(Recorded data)
++++++++++++++++++++

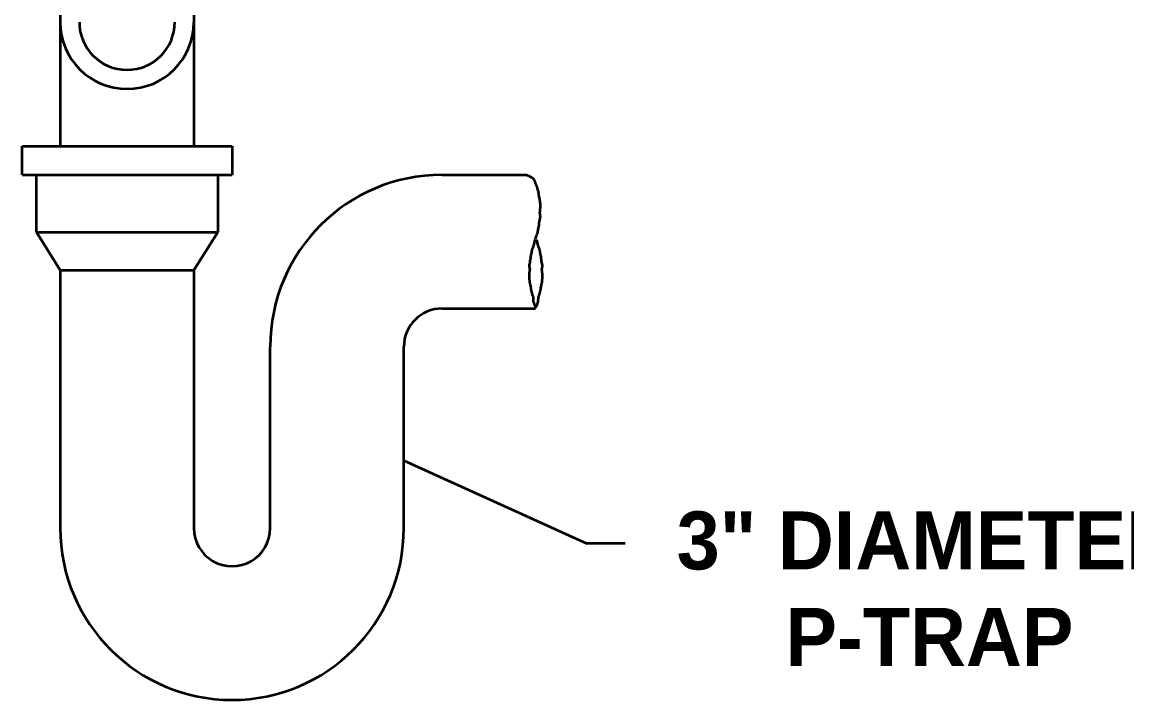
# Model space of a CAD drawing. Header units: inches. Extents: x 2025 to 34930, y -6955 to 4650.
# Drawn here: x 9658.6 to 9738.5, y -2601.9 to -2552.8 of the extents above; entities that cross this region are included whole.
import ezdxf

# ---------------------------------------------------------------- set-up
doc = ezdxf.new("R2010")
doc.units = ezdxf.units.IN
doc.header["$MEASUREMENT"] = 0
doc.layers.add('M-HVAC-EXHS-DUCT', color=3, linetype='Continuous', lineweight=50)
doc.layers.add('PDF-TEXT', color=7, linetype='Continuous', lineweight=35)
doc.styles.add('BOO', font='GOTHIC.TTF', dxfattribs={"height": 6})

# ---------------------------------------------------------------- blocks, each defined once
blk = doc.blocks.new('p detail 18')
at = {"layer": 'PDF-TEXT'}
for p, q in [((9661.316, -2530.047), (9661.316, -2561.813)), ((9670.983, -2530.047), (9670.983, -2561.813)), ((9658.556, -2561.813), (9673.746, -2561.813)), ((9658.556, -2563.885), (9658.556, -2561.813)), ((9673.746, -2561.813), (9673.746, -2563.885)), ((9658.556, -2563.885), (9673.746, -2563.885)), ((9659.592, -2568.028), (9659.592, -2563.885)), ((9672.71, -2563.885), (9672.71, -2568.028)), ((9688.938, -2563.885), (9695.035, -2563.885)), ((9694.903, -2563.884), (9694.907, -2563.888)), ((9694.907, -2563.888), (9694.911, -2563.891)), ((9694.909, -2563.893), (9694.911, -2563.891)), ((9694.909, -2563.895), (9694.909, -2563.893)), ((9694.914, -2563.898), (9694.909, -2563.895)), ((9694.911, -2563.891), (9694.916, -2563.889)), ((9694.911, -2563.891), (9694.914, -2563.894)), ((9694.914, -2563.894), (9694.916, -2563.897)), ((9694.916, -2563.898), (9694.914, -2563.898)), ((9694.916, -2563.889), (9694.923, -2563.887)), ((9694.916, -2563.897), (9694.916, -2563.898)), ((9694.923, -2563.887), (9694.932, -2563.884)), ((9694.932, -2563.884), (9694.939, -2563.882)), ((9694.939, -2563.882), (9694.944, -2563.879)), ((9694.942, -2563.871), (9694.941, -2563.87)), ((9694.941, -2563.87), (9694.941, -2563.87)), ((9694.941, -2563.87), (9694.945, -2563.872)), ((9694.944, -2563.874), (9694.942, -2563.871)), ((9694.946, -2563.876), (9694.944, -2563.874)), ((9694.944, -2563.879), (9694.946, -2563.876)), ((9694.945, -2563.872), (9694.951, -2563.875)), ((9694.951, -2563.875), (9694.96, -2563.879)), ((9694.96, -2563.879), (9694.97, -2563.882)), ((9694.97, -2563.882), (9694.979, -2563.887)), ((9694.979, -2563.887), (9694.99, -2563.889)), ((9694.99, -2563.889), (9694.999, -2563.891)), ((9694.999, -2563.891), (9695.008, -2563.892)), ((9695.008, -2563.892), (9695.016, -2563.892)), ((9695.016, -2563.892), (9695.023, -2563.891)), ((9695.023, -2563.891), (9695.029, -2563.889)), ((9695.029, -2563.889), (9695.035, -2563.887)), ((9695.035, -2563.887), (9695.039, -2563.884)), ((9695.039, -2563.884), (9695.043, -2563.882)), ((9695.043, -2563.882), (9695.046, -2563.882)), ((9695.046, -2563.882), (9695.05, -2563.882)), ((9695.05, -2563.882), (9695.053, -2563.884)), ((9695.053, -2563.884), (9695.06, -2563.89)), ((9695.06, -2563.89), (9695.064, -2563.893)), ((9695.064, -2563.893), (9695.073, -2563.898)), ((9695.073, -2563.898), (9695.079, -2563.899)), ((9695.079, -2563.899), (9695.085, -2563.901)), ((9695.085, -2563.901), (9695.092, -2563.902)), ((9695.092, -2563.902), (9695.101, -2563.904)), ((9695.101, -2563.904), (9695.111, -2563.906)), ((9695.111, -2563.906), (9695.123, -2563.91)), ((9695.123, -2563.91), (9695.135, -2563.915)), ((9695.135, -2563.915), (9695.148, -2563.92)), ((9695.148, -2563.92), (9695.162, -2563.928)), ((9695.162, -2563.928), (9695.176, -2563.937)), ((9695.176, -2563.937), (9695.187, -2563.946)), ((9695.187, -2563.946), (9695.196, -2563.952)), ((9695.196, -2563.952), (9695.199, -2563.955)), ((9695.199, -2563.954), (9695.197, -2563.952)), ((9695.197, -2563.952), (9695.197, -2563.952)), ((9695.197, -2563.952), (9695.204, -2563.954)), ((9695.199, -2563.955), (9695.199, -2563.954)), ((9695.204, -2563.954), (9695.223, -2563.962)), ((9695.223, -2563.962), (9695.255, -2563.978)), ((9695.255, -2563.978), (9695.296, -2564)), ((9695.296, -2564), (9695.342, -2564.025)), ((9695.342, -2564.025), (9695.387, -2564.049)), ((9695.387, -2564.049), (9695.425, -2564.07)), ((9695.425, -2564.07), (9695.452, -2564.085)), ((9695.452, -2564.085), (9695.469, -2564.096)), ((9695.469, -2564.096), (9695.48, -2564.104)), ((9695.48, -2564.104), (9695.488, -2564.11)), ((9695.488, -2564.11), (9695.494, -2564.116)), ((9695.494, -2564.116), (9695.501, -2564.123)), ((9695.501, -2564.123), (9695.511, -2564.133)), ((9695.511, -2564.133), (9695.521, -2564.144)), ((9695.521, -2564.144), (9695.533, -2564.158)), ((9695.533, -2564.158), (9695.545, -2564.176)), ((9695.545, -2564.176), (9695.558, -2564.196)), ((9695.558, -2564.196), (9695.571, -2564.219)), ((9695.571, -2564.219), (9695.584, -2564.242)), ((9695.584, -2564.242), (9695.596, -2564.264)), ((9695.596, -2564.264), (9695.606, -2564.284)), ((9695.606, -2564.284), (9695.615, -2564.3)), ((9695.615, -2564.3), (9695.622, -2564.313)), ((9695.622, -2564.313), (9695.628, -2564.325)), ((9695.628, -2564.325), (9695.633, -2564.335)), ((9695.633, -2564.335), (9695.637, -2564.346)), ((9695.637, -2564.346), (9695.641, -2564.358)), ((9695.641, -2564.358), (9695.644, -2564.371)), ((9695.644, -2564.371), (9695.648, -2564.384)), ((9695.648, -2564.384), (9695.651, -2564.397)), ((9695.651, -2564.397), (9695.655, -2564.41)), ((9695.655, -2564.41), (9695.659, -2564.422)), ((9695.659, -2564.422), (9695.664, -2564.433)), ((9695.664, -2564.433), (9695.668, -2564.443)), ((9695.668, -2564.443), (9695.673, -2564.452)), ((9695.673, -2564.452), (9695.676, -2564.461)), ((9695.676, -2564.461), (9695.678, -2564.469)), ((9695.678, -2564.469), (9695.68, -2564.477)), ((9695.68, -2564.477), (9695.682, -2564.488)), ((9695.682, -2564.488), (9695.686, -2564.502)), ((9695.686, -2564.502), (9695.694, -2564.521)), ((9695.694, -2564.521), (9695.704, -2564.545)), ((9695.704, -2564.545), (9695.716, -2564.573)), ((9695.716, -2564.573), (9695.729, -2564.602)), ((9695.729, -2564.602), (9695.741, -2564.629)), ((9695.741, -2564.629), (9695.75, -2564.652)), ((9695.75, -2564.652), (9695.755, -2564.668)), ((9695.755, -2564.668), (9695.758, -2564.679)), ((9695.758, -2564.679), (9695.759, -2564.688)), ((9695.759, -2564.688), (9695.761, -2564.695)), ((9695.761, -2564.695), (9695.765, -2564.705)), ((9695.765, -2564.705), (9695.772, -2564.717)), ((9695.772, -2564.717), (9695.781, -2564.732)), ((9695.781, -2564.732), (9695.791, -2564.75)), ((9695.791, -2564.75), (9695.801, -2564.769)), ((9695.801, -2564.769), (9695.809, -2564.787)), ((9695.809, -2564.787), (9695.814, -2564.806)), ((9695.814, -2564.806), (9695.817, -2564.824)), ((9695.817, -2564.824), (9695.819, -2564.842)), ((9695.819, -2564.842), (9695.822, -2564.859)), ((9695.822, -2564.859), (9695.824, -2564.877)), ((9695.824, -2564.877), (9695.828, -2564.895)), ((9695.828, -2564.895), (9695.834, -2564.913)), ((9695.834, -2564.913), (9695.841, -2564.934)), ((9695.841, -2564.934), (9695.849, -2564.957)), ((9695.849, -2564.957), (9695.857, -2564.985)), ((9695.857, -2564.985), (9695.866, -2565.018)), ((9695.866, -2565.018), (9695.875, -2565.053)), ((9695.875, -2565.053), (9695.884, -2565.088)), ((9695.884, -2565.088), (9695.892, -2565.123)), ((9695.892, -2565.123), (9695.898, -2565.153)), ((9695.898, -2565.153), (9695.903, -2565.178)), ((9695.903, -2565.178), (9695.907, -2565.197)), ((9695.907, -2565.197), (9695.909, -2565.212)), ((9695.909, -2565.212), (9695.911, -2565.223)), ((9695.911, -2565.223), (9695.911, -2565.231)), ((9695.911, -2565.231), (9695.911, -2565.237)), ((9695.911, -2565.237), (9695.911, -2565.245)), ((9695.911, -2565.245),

++++++++++++++++++++

**WHAT NEEDS TO BE DONE:** Set down exactly and only the lines from the start of the entries above through the line containing "import ezdxf", both ends included, omitting the pictures.

**COMPLETED EXERCISE:**
# Model space of a CAD drawing. Header units: inches. Extents: x 2025 to 34930, y -6955 to 4650.
# Drawn here: x 9658.6 to 9738.5, y -2601.9 to -2552.8 of the extents above; entities that cross this region are included whole.
import ezdxf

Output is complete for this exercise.